安全管理は、自分のため、仲間のため、家族のため。|ととのえる比治山Vol.4

比治山が街中の里山(自然と共生できる場所)として今よりもさらに人々が楽しく活用できることを想う方々と、一緒に考えながら少しずつ比治山の整備に取組む、広島市とSATOMACHI(運営会社:和大地)が主催した「ととのえる比治山vol.4~リーダー養成講座「チェーンソー&刈払機 講習」~」。2019年1月の「ととのえる比治山Vol.1~リーダー養成講座~」に続く2回目リーダー養成講座。今回は、安全管理の基本から前回のチェーンソーに加え、刈払機の使い方の基本まで学びました。

基本動作は、何度でも

「基本動作は、何度学んでも、毎回学びがあります」

普段から仕事でチェーンソーや刈払い機を使っている講師の方でも、こうした心構えでいるのだと、とても印象に残りました。森の中に入れば、リスクといつも隣り合わせ。

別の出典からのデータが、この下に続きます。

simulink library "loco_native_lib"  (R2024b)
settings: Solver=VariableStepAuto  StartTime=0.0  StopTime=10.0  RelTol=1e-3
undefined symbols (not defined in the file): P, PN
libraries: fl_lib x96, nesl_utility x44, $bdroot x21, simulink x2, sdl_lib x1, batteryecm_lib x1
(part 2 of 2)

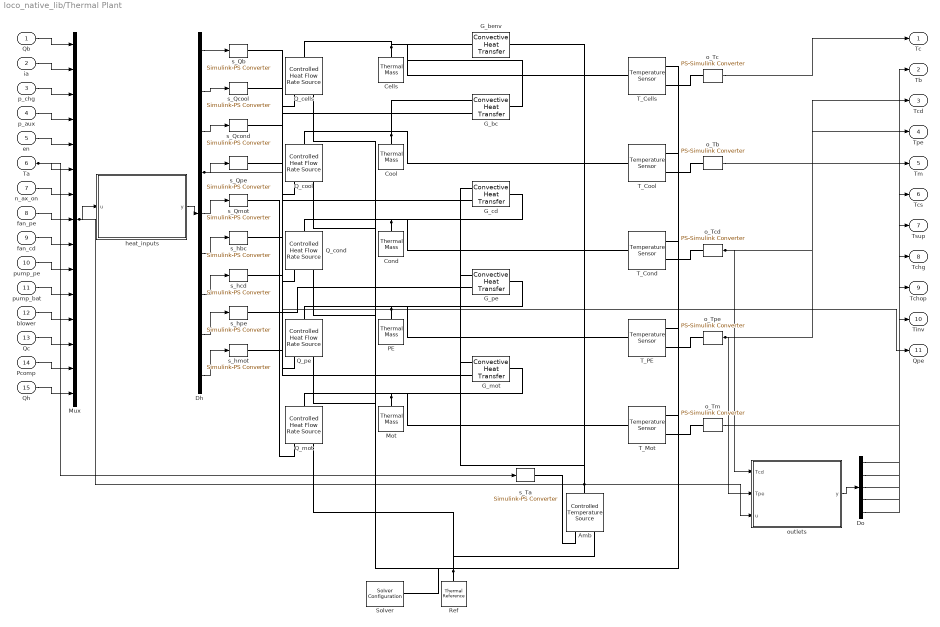
== system loco_native_lib/Thermal Plant ==
  Qb : Inport
  ia : Inport  Port=2
  p_chg : Inport  Port=3
  p_aux : Inport  Port=4
  en : Inport  Port=5
  Ta : Inport  Port=6
  n_ax_on : Inport  Port=7
  fan_pe : Inport  Port=8
  fan_cd : Inport  Port=9
  pump_pe : Inport  Port=10
  pump_bat : Inport  Port=11
  blower : Inport  Port=12
  Qc : Inport  Port=13
  Pcomp : Inport  Port=14
  Qh : Inport  Port=15
  Amb : fl_lib/Thermal/Thermal Sources/Controlled Temperature Source
  Cells : fl_lib/Thermal/Thermal Elements/Thermal Mass  mass_type=foundation.enum.constant_variable.constant  mass=TH.C_bat kg  sp_heat=1 J/(K*kg)  mass_min=1e-6 kg  num_ports=foundation.enum.numPorts2.one  m_specify=off  m_priority=High  m=1 kg  m_nominal_specify=off  m_nominal_value=1  m_nominal_unit=kg  T_specify=on  T_priority=High  T=TH.T0_bat K  T_nominal_specify=off  T_nominal_value=1  T_nominal_unit=K  Q_specify=off  Q_priority=None  Q=0 W  Q_nominal_specify=off  Q_nominal_value=1  Q_nominal_unit=W
  Cond : fl_lib/Thermal/Thermal Elements/Thermal Mass  mass_type=foundation.enum.constant_variable.constant  mass=TH.C_cd kg  sp_heat=1 J/(K*kg)  mass_min=1e-6 kg  num_ports=foundation.enum.numPorts2.one  m_specify=off  m_priority=High  m=1 kg  m_nominal_specify=off  m_nominal_value=1  m_nominal_unit=kg  T_specify=on  T_priority=High  T=TH.T_amb K  T_nominal_specify=off  T_nominal_value=1  T_nominal_unit=K  Q_specify=off  Q_priority=None  Q=0 W  Q_nominal_specify=off  Q_nominal_value=1  Q_nominal_unit=W
  Cool : fl_lib/Thermal/Thermal Elements/Thermal Mass  mass_type=foundation.enum.constant_variable.constant  mass=TH.C_bc kg  sp_heat=1 J/(K*kg)  mass_min=1e-6 kg  num_ports=foundation.enum.numPorts2.one  m_specify=off  m_priority=High  m=1 kg  m_nominal_specify=off  m_nominal_value=1  m_nominal_unit=kg  T_specify=on  T_priority=High  T=TH.T0_bat K  T_nominal_specify=off  T_nominal_value=1  T_nominal_unit=K  Q_specify=off  Q_priority=None  Q=0 W  Q_nominal_specify=off  Q_nominal_value=1  Q_nominal_unit=W
  Dh : Demux  Outputs=9
  Do : Demux  Outputs=5
  G_bc : fl_lib/Thermal/Thermal Elements/Convective Heat Transfer  thermal_type=foundation.enum.constant_variable.variable  area=1 m^2  heat_tr_coeff=20 W/(K*m^2)  min_heat_tr_coeff=1e-3 W/(K*m^2)  T_specify=off  T_priority=None  T=0 K  T_nominal_specify=off  T_nominal_value=1  T_nominal_unit=K  Q_specify=off  Q_priority=None  Q=0 W  Q_nominal_specify=off  Q_nominal_value=1  Q_nominal_unit=W
      settings: InternalSimscapePortConfiguration="{\"Bottom\":[],\"Left\":[{\"id\":\"A\",\"label\":\"A\",\"type\":\"foundation.thermal.thermal\"},{\"id\":\"var_heat_tr_coeff\",\"label\":\"K\",\"type\":\"input\"}],\"Right\":[{\"id\":\"B\",\"label\":\"B\",\"type\":\"foundation.thermal.thermal\"}],\"Top\":[]}"
  G_benv : fl_lib/Thermal/Thermal Elements/Convective Heat Transfer  thermal_type=foundation.enum.constant_variable.constant  area=1 m^2  heat_tr_coeff=TH.UA_benv W/(K*m^2)  min_heat_tr_coeff=1e-3 W/(K*m^2)  T_specify=off  T_priority=None  T=0 K  T_nominal_specify=off  T_nominal_value=1  T_nominal_unit=K  Q_specify=off  Q_priority=None  Q=0 W  Q_nominal_specify=off  Q_nominal_value=1  Q_nominal_unit=W
  G_cd : fl_lib/Thermal/Thermal Elements/Convective Heat Transfer  thermal_type=foundation.enum.constant_variable.variable  area=1 m^2  heat_tr_coeff=20 W/(K*m^2)  min_heat_tr_coeff=1e-3 W/(K*m^2)  T_specify=off  T_priority=None  T=0 K  T_nominal_specify=off  T_nominal_value=1  T_nominal_unit=K  Q_specify=off  Q_priority=None  Q=0 W  Q_nominal_specify=off  Q_nominal_value=1  Q_nominal_unit=W
      settings: InternalSimscapePortConfiguration="{\"Bottom\":[],\"Left\":[{\"id\":\"A\",\"label\":\"A\",\"type\":\"foundation.thermal.thermal\"},{\"id\":\"var_heat_tr_coeff\",\"label\":\"K\",\"type\":\"input\"}],\"Right\":[{\"id\":\"B\",\"label\":\"B\",\"type\":\"foundation.thermal.thermal\"}],\"Top\":[]}"
  G_mot : fl_lib/Thermal/Thermal Elements/Convective Heat Transfer  thermal_type=foundation.enum.constant_variable.variable  area=1 m^2  heat_tr_coeff=20 W/(K*m^2)  min_heat_tr_coeff=1e-3 W/(K*m^2)  T_specify=off  T_priority=None  T=0 K  T_nominal_specify=off  T_nominal_value=1  T_nominal_unit=K  Q_specify=off  Q_priority=None  Q=0 W  Q_nominal_specify=off  Q_nominal_value=1  Q_nominal_unit=W
      settings: InternalSimscapePortConfiguration="{\"Bottom\":[],\"Left\":[{\"id\":\"A\",\"label\":\"A\",\"type\":\"foundation.thermal.thermal\"},{\"id\":\"var_heat_tr_coeff\",\"label\":\"K\",\"type\":\"input\"}],\"Right\":[{\"id\":\"B\",\"label\":\"B\",\"type\":\"foundation.thermal.thermal\"}],\"Top\":[]}"
  G_pe : fl_lib/Thermal/Thermal Elements/Convective Heat Transfer  thermal_type=foundation.enum.constant_variable.variable  area=1 m^2  heat_tr_coeff=20 W/(K*m^2)  min_heat_tr_coeff=1e-3 W/(K*m^2)  T_specify=off  T_priority=None  T=0 K  T_nominal_specify=off  T_nominal_value=1  T_nominal_unit=K  Q_specify=off  Q_priority=None  Q=0 W  Q_nominal_specify=off  Q_nominal_value=1  Q_nominal_unit=W
      settings: InternalSimscapePortConfiguration="{\"Bottom\":[],\"Left\":[{\"id\":\"A\",\"label\":\"A\",\"type\":\"foundation.thermal.thermal\"},{\"id\":\"var_heat_tr_coeff\",\"label\":\"K\",\"type\":\"input\"}],\"Right\":[{\"id\":\"B\",\"label\":\"B\",\"type\":\"foundation.thermal.thermal\"}],\"Top\":[]}"
  Mot : fl_lib/Thermal/Thermal Elements/Thermal Mass  mass_type=foundation.enum.constant_variable.constant  mass=TH.C_mot kg  sp_heat=1 J/(K*kg)  mass_min=1e-6 kg  num_ports=foundation.enum.numPorts2.one  m_specify=off  m_priority=High  m=1 kg  m_nominal_specify=off  m_nominal_value=1  m_nominal_unit=kg  T_specify=on  T_priority=High  T=TH.T_amb K  T_nominal_specify=off  T_nominal_value=1  T_nominal_unit=K  Q_specify=off  Q_priority=None  Q=0 W  Q_nominal_specify=off  Q_nominal_value=1  Q_nominal_unit=W
  Mux : Mux  Inputs=15
  PE : fl_lib/Thermal/Thermal Elements/Thermal Mass  mass_type=foundation.enum.constant_variable.constant  mass=TH.C_pe kg  sp_heat=1 J/(K*kg)  mass_min=1e-6 kg  num_ports=foundation.enum.numPorts2.one  m_specify=off  m_priority=High  m=1 kg  m_nominal_specify=off  m_nominal_value=1  m_nominal_unit=kg  T_specify=on  T_priority=High  T=TH.T_amb K  T_nominal_specify=off  T_nominal_value=1  T_nominal_unit=K  Q_specify=off  Q_priority=None  Q=0 W  Q_nominal_specify=off  Q_nominal_value=1  Q_nominal_unit=W
  Q_cells : fl_lib/Thermal/Thermal Sources/Controlled Heat Flow Rate Source
  Q_cond : fl_lib/Thermal/Thermal Sources/Controlled Heat Flow Rate Source
  Q_cool : fl_lib/Thermal/Thermal Sources/Controlled Heat Flow Rate Source
  Q_mot : fl_lib/Thermal/Thermal Sources/Controlled Heat Flow Rate Source
  Q_pe : fl_lib/Thermal/Thermal Sources/Controlled Heat Flow Rate Source
  Ref : fl_lib/Thermal/Thermal Elements/Thermal Reference
  Solver : nesl_utility/Solver Configuration  PhysicalDomain=network_engine_domain  SubClassName=solver  LeftPortType=input  RightPortType=generic  Tones=[]  Harmonics=[]  SimulateNoise=off  Profile=off  UseLocalSampling=off  EnableSwitchedLinearOptims=on  FrequencyDomain=off  UseCCode=off  RelTol=0.001  AbsTol=0.001  MinStep=1e-09  ToWorkspace=off  RevertToSquareIcSolve=off  NumHomotopyIterations=100  PhasorMode=off  PhasorModeNumHarmonics=1  ConsistencySolver=NEWTON_XTOL_AFTER_FTOL  IndexReductionMethod=DerivativeReplacement  DoDC=off  ResidualTolerance=1e-09  ConsistencyTolSource=GLOBAL  ConsistencyAbsTol=0.001  ConsistencyRelTol=0.001  ConsistencyTolFactor=0.001  UseLocalSolver=off  LocalSolverChoice=NE_BACKWARD_EULER_ADVANCER  ResolveIndetEquations=on  FunctionEvalNumThread=1  LocalSolverSampleTime=0.001  DoFixedCost=off  MaxNonlinIter=3  MaxModeIter=2  ComputeImpulses=off  ImpulseIterations=2  LinearAlgebra=auto  LinearAlgebraNumThread=0  EquationFormulation=NE_TIME_EF  DelaysMemoryBudget=1024  AutomaticFiltering=on  FilteringTimeConstant=0.001  PartitionStorageMethod=AS_NEEDED  PartitionMemoryBudget=1024  PartitionMethod=ROBUST  MultibodyUseLocalSolver=off  MultibodyLocalSolverChoice=ODE1  MultibodyLocalSolverSampleTime=0.001
  T_Cells : fl_lib/Thermal/Thermal Sensors/Temperature Sensor  temperature_measure=foundation.enum.MeasurementReference.difference
  T_Cond : fl_lib/Thermal/Thermal Sensors/Temperature Sensor  temperature_measure=foundation.enum.MeasurementReference.difference
  T_Cool : fl_lib/Thermal/Thermal Sensors/Temperature Sensor  temperature_measure=foundation.enum.MeasurementReference.difference
  T_Mot : fl_lib/Thermal/Thermal Sensors/Temperature Sensor  temperature_measure=foundation.enum.MeasurementReference.difference
  T_PE : fl_lib/Thermal/Thermal Sensors/Temperature Sensor  temperature_measure=foundation.enum.MeasurementReference.difference
  heat_inputs : MATLAB Function  TreatAsAtomicUnit=on
  o_Tb : nesl_utility/PS-Simulink Converter  PhysicalDomain=network_engine_domain  SubClassName=ps_output  LeftPortType=input  RightPortType=output  PseudoPeriodic=off  Frequencies=[]  VectorFormat=inherit  Unit=K  AffineConversion=off
  o_Tc : nesl_utility/PS-Simulink Converter  PhysicalDomain=network_engine_domain  SubClassName=ps_output  LeftPortType=input  RightPortType=output  PseudoPeriodic=off  Frequencies=[]  VectorFormat=inherit  Unit=K  AffineConversion=off
  o_Tcd : nesl_utility/PS-Simulink Converter  PhysicalDomain=network_engine_domain  SubClassName=ps_output  LeftPortType=input  RightPortType=output  PseudoPeriodic=off  Frequencies=[]  VectorFormat=inherit  Unit=K  AffineConversion=off
  o_Tm : nesl_utility/PS-Simulink Converter  PhysicalDomain=network_engine_domain  SubClassName=ps_output  LeftPortType=input  RightPortType=output  PseudoPeriodic=off  Frequencies=[]  VectorFormat=inherit  Unit=K  AffineConversion=off
  o_Tpe : nesl_utility/PS-Simulink Converter  PhysicalDomain=network_engine_domain  SubClassName=ps_output  LeftPortType=input  RightPortType=output  PseudoPeriodic=off  Frequencies=[]  VectorFormat=inherit  Unit=K  AffineConversion=off
  outlets : MATLAB Function  TreatAsAtomicUnit=on
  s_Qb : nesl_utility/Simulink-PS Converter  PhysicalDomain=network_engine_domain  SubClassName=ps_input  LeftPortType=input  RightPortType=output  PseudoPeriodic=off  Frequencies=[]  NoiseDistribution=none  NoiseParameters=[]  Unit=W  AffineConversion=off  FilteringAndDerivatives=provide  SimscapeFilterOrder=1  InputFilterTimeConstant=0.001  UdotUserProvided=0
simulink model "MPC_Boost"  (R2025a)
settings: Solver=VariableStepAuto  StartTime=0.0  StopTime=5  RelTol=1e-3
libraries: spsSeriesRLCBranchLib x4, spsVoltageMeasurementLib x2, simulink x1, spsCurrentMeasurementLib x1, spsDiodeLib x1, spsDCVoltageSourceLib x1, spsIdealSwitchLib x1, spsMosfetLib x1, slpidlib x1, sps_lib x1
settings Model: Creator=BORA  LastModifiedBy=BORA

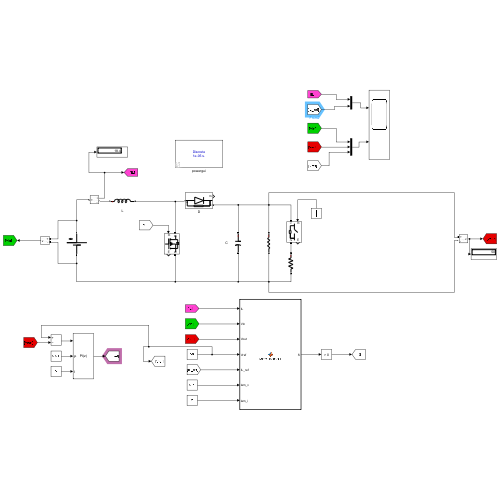
[thumbnail: Simulink's stored preview of the top-level diagram]
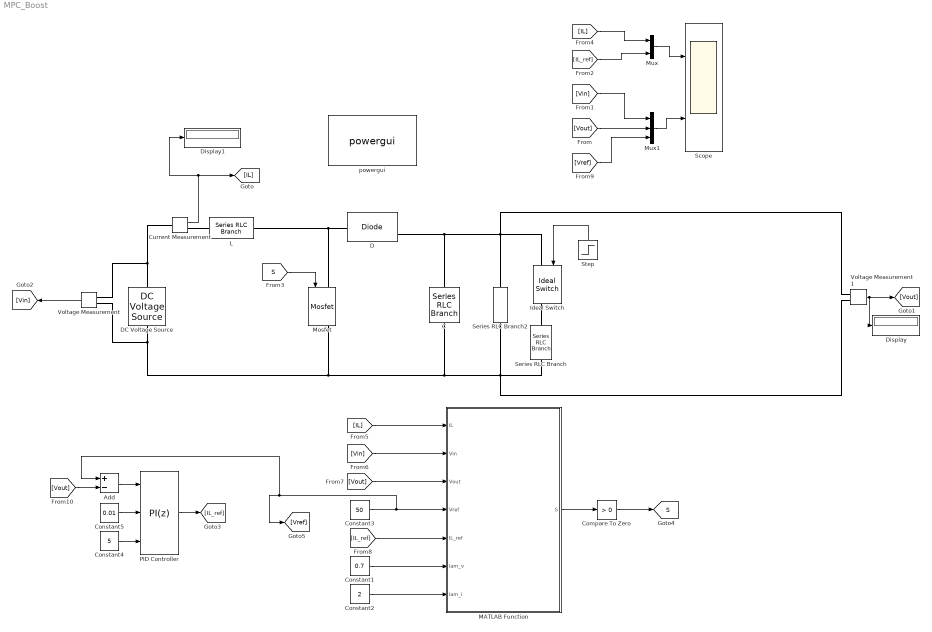
== system MPC_Boost ==
  Add : Sum  Inputs=+-
  C : spsSeriesRLCBranchLib/Series RLC Branch  LConnTagsString=__new0  RConnTagsString=__new0  BranchType=C  Resistance=1  Inductance=1e-3  SetiL0=off  InitialCurrent=0  Capacitance=37e-4  Setx0=off  InitialVoltage=0  Measurements=None
  Compare To Zero : simulink/Logic and Bit Operations/Compare To Zero  relop=>  OutDataTypeStr=boolean
  Constant1 : Constant  Value=0.7
  Constant2 : Constant  Value=2
  Constant3 : Constant  Value=50
  Constant4 : Constant  Value=5
  Constant5 : Constant  Value=0.01
  Current Measurement : spsCurrentMeasurementLib/Current Measurement  PhasorSimulation=off  OutputType=Complex  PSBequivalent=0
  D : spsDiodeLib/Diode  Ron=0.001  Lon=0  Vf=0.8  IC=0  UseSnubber=0  Rs=500  Cs=250e-9  Measurements=on
  DC Voltage Source : spsDCVoltageSourceLib/DC Voltage Source  Amplitude=30  Measurements=None
  Display : Display
  Display1 : Display
  Ideal Switch : spsIdealSwitchLib/Ideal Switch  Ron=0.001  Lon=0  IC=0  Rs=1e5  Cs=inf  Measurements=on
  L : spsSeriesRLCBranchLib/Series RLC Branch  LConnTagsString=__new0  RConnTagsString=__new0  BranchType=L  Resistance=1  Inductance=280e-4  SetiL0=off  InitialCurrent=0  Capacitance=1e-6  Setx0=off  InitialVoltage=0  Measurements=None
  MATLAB Function : MATLAB Function  TreatAsAtomicUnit=on
  Mosfet : spsMosfetLib/Mosfet  Ron=0.001  Lon=0  Rd=0.001  Vfd=0  IC=0  Rs=1e5  Cs=inf  Measurements=on
  Mux : Mux  Inputs=2
  Mux1 : Mux  Inputs=3
  PID Controller : slpidlib/PID Controller  Controller=PI  Form=Parallel  TimeDomain=Discrete-time  UseExternalTs=off  SampleTime=-1  IntegratorMethod=Forward Euler  FilterMethod=Forward Euler  ControllerParametersSource=external  P=1  I=1  UseKiTs=off  D=0  UseExternalDerivativeSource=off  N=100  UseFilter=on  TunerSelectOption=Transfer Function Based (PID Tuner App)  InitialConditionSource=internal  InitialConditionForIntegrator=0  InitialConditionForFilter=0  DifferentiatorICPrevScaledInput=0  ExternalReset=none  TrackingMode=off  Kt=1  LimitOutput=off  SatLimitsSource=internal  UpperSaturationLimit=inf  LowerSaturationLimit=-inf  LinearizeAsGain=on  AntiWindupMode=none  Kb=1  LimitIntegrator=off  UpperIntegratorSaturationLimit=inf  LowerIntegratorSaturationLimit=-inf  POutMin=[]  POutMax=[]  IOutMin=[]  IOutMax=[]  DOutMin=[]  DOutMax=[]  NOutMin=[]  NOutMax=[]  SumOutMin=[]  SumOutMax=[]  SaturationOutMin=[]  SaturationOutMax=[]  PParamMin=[]  PParamMax=[]  IParamMin=[]  IParamMax=[]  DParamMin=[]  DParamMax=[]  NParamMin=[]  NParamMax=[]  KbParamMin=[]  KbParamMax=[]  KtParamMin=[]  KtParamMax=[]  KbOutMin=[]  KbOutMax=[]  KtOutMin=[]  KtOutMax=[]  IntegratorOutMin=[]  IntegratorOutMax=[]  FilterOutMin=[]  FilterOutMax=[]  SumI1OutMin=[]  SumI1OutMax=[]  SumI2OutMin=[]  SumI2OutMax=[]  SumI3OutMin=[]  SumI3OutMax=[]  SumI4OutMin=[]  SumI4OutMax=[]  SumDOutMin=[]  SumDOutMax=[]  DifferentiatorOutMin=[]  DifferentiatorOutMax=[]  FilterDiffOutCoefMin=[]  FilterDiffOutCoefMax=[]  ReciprocalOutMin=[]  ReciprocalOutMax=[]  SumDenOutMin=[]  SumDenOutMax=[]  SumNumOutMin=[]  SumNumOutMax=[]  DivideOutMin=[]  DivideOutMax=[]  UdiffTsProdOutMin=[]  UdiffTsProdOutMax=[]  NTsProdOutMin=[]  NTsProdOutMax=[]  UintegralTsProdOutMin=[]  UintegralTsProdOutMax=[]  UngainTsProdOutMin=[]  UngainTsProdOutMax=[]  ClampingZeroOutDataTypeStr=Inherit: Inherit via back propagation  ClampingZeroOutMin=[]  ClampingZeroOutMax=[]  FilterDenConstantOutDataTypeStr=Inherit: Inherit via back propagation  FilterDenConstantOutMin=[]  FilterDenConstantOutMax=[]  PCopyOutDataTypeStr=Inherit: Inherit via back propagation  PCopyOutMin=[]  PCopyOutMax=[]  NCopyOutDataTypeStr=Inherit: Inherit via back propagation  NCopyOutMin=[]  NCopyOutMax=[]  IntegratorContinuousStateAttributes=''  IntegratorStateMustResolveToSignalObject=off  IntegratorRTWStateStorageClass=Auto  FilterContinuousStateAttributes=''  FilterStateMustResolveToSignalObject=off  FilterRTWStateStorageClass=Auto  ParallelPVariant=ExternalParameters  IdealPVariant=Disabled  IVariant=ExternalParameters  DVariant=Disabled  IntegratorVariant=Discrete  SatVariant=Disabled  AWVariant=Passthrough  PCopyVariant=Disabled  TRVariant=Disabled  FdbkBlocksVariant=Forward  IdealPFdbkVariant=Disabled  SatFdbkVariant=Disabled  DerivativeFilterVariant=Disabled  NVariant=Disabled  NCopyVariant=Disabled_SignalSpec  FilterICVariant=Disabled  IntegratorICVariant=InternalICs  ExternalResetVariant=Disabled  TRSumVariant=Passthrough  SumFdbkVariant=Disabled  SumVariant=Sum_PI  TsampFilterVariant=InternalTs  TsampNgainVariant=Passthrough  TsampIntegralVariant=Disabled_SignalSpec  ExternalSaturationOutDataTypeStr=Inherit: Same as second input  DerivativeSourceVariant=Disabled  PreIntVariant=InternalPreInt
  Scope : Scope  NumInputPorts=2
      settings: TimeSpan=10  ActiveDisplayYMinimum=-2.2944848082153837  ActiveDisplayYMaximum=20.705506007687731
  Series RLC Branch : spsSeriesRLCBranchLib/Series RLC Branch  LConnTagsString=__new0  RConnTagsString=__new0  BranchType=R  Resistance=6  Inductance=1e-3  SetiL0=off  InitialCurrent=0  Capacitance=1e-6  Setx0=off  InitialVoltage=0  Measurements=None
  Series RLC Branch2 : spsSeriesRLCBranchLib/Series RLC Branch  LConnTagsString=__new0  RConnTagsString=__new0  BranchType=R  Resistance=20  Inductance=1e-3  SetiL0=off  InitialCurrent=0  Capacitance=1e-6  Setx0=off  InitialVoltage=0  Measurements=None
  Step : Step  Time=3  SampleTime=0.0
  Voltage Measurement : spsVoltageMeasurementLib/Voltage Measurement  PhasorSimulation=off  OutputType=Complex  PSBequivalent=0
  Voltage Measurement1 : spsVoltageMeasurementLib/Voltage Measurement  PhasorSimulation=off  OutputType=Complex  PSBequivalent=0
  powergui : sps_lib/powergui  Priority=1  SimulationMode=Discrete  SampleTime=1e-05  frequency=60  Iterations=50  frequencyindice=0  Pbase=100e6  ErrMax=1e-4  UnitsV=kV  UnitsW=MW  buscounter=0  FunctionMessages=off  echomessages=off  EnableUseOfTLC=off  CurrentSourceSwitches=off  DisableSnubberDevices=off  DisableRonSwitches=off  DisableVfSwitches=off  DisplayEquations=off  AutomaticDiscreteSolvers=off  SolverType=Tustin/Backward Euler (TBE)  Interpol=off  ExternalGateDelay=off  methode=off  Ts=100  x0status=blocks  SPID=on  SwTol=0  HookPort=off  NonlinearTolerance=1e-4  nMaxIteration=100  ContinueOnMaxIteration=off  RestoreLinks=warning  ResistiveCurrentMeasurement=off  Frange=[0:2:500]  Ylog=off  Xlog=on  ShowGrid=off  save=off  variable=ZData  structure=0  ZoomFFT=off  StartTime=0.0  cycles=1  DisplayStyle=1  fundamental=60  FreqAxis=off  MaxFrequency=1000  frequencyindicesteady=1  RmsSteady=1  display=off
  tag scope: S=global
  wires:
  Current Measurement/1 -> [IL], Display1/1
  Voltage Measurement1/1 -> Display/1, [Vout]
  Voltage Measurement/1 -> [Vin]
  [IL] -> MATLAB Function/1(IL)
  [Vin] -> MATLAB Function/2(Vin)
  [Vout] -> MATLAB Function/3(Vout)
  [IL_ref] -> MATLAB Function/5(IL_ref)
  [IL_ref] -> Mux/2
  [IL] -> Mux/1
  Mux/1 -> Scope/1
  [Vin] -> Mux1/1
  [Vout] -> Mux1/2
  Mux1/1 -> Scope/2
  [S] -> Mosfet/1
  MATLAB Function/1(S) -> Compare To Zero/1
  Compare To Zero/1 -> [S]
  Constant2/1 -> MATLAB Function/7(lam_i)
  Constant1/1 -> MATLAB Function/6(lam_v)
  Constant3/1 -> Add/1, [Vref], MATLAB Function/4(Vref)
  [Vref] -> Mux1/3
  Constant5/1 -> PID Controller/2
  Constant4/1 -> PID Controller/3
  Add/1 -> PID Controller/1
  [Vout] -> Add/2
  PID Controller/1 -> [IL_ref]
  Step/1 -> Ideal Switch/1
  connections:
  DC Voltage Source/LConn1 -- Voltage Measurement/LConn2 -- Mosfet/RConn1 -- Series RLC Branch/RConn1 -- Series RLC Branch2/RConn1 -- Voltage Measurement1/LConn2 -- C/RConn1
  L/RConn1 -- Mosfet/LConn1 -- D/LConn1
  C/LConn1 -- Voltage Measurement1/LConn1 -- Series RLC Branch2/LConn1 -- Ideal Switch/LConn1 -- D/RConn1
  Current Measurement/RConn1 -- L/LConn1
  Current Measurement/LConn1 -- Voltage Measurement/LConn1 -- DC Voltage Source/RConn1
  Series RLC Branch/LConn1 -- Ideal Switch/RConn1

== matlab function MPC_Boost/MATLAB Function ==
  data: S output; IL input; Vin input; Vout input; Vref input; IL_ref input; lam_v input; lam_i input

function S = MPC_BOOST(IL, Vin, Vout, Vref, IL_ref, lam_v, lam_i)
    Ts = 10e-9;     
    L = 280e-4;       
    C = 37e-4;      
    R = 20;         
    
    persistent S_old;
    if isempty(S_old)
        S_old = 0; 
    end

    State = [1; 0];
    J_optimum = 1e6; 
    n_optimum = 1;

    for n = 1:2
        S_test = State(n);

        iL_k1 = (Ts/L) * (Vin - Vout * (1 - S_test)) + IL;
        vOut_k1 = (Ts/C) * ((1 - S_test) * IL - Vout / R) + Vout;
        J = lam_v * abs(Vref - vOut_k1) + lam_i * abs(IL_ref - iL_k1);

        if (J < J_optimum)
            n_optimum = n;
            J_optimum = J;
        end
    end
    S = State(n_optimum);
    S_old = S;
end

ましてやチェーンソーや刈払機といった機械を使う場合、安全管理が何より大事で、その要が基本動作になります。

「安全管理は、自分のため、一緒に作業する仲間のため、そして帰りを待つ家族のため」

こうした心構えを参加者みんなが胸に刻み、講習は進んでいきました。

11月中旬の晴れた土曜日、比治山トンネル上の広場に集まり行った、チェーンソー・刈払機講習。参加者が3人1組のグループに分かれ、各グループに講師のグループリーダーが付き、少人数のグループで進めていきました。
少人数だからこその、きめ細かな指導やアドバイス、気になったことをすぐに質問できる距離感、他の人の様子を見て学ぶといった充実した学びと実践の時間。
参加者の多くが初めてチェーンソーや刈払い機に触れる中、基本の知識・操作方法・エンジンを切った状態での基本動作の習得に時間を割きました。

安全に。そのためにも、準備が大事

チェーンソーを使って木を切るにあたり、何より大切なのは準備。上半身よりも下半身がけがをしやすく、安全靴を履いているか、防護ズボンのチャップスは着けているか。手袋・ゴーグル、ヘルメット、耳当ては?そうした服装を一つ一つ確認して、次のステップ、作業環境のチェックに移ります。

  • 倒す木の周りに人がいないか。
  • 倒す木の足元をきれいにする。足場がしっかりしていないと作業がしづらく、逃げにくい。
  • 倒す方向はどちらか、他の人は木の高さの2倍の距離離れているかを確認。

これ以外にも、「グループで作業する場合は、必ず笛を鳴らすなど合図をし、コミュニケーションをとりながら作業する」といったことまで様々なチェックポイントがありました。その後、実際のチェーンソーを使っての、基本動作の練習。エンジンのかけ方だけでなく、扱う時の基本姿勢、かけ忘れの多いチェーンブレーキのかけ方を何度も何度も同じ動作を繰り返しながら学んでいきました。

刈払い機も。安全のため、じっくりまなぶ

前回ととのえる比治山で開催した講習の時は、扱わなかった刈払い機。柴刈りをする中で、下草を刈るのにとても助けになるので、今回の講習から加わりました。
田舎に行けば、誰もが使っているように見える刈払い機。しかし、この機械もチェーンソー同様、安全管理をしっかりしないと大ケガにつながります。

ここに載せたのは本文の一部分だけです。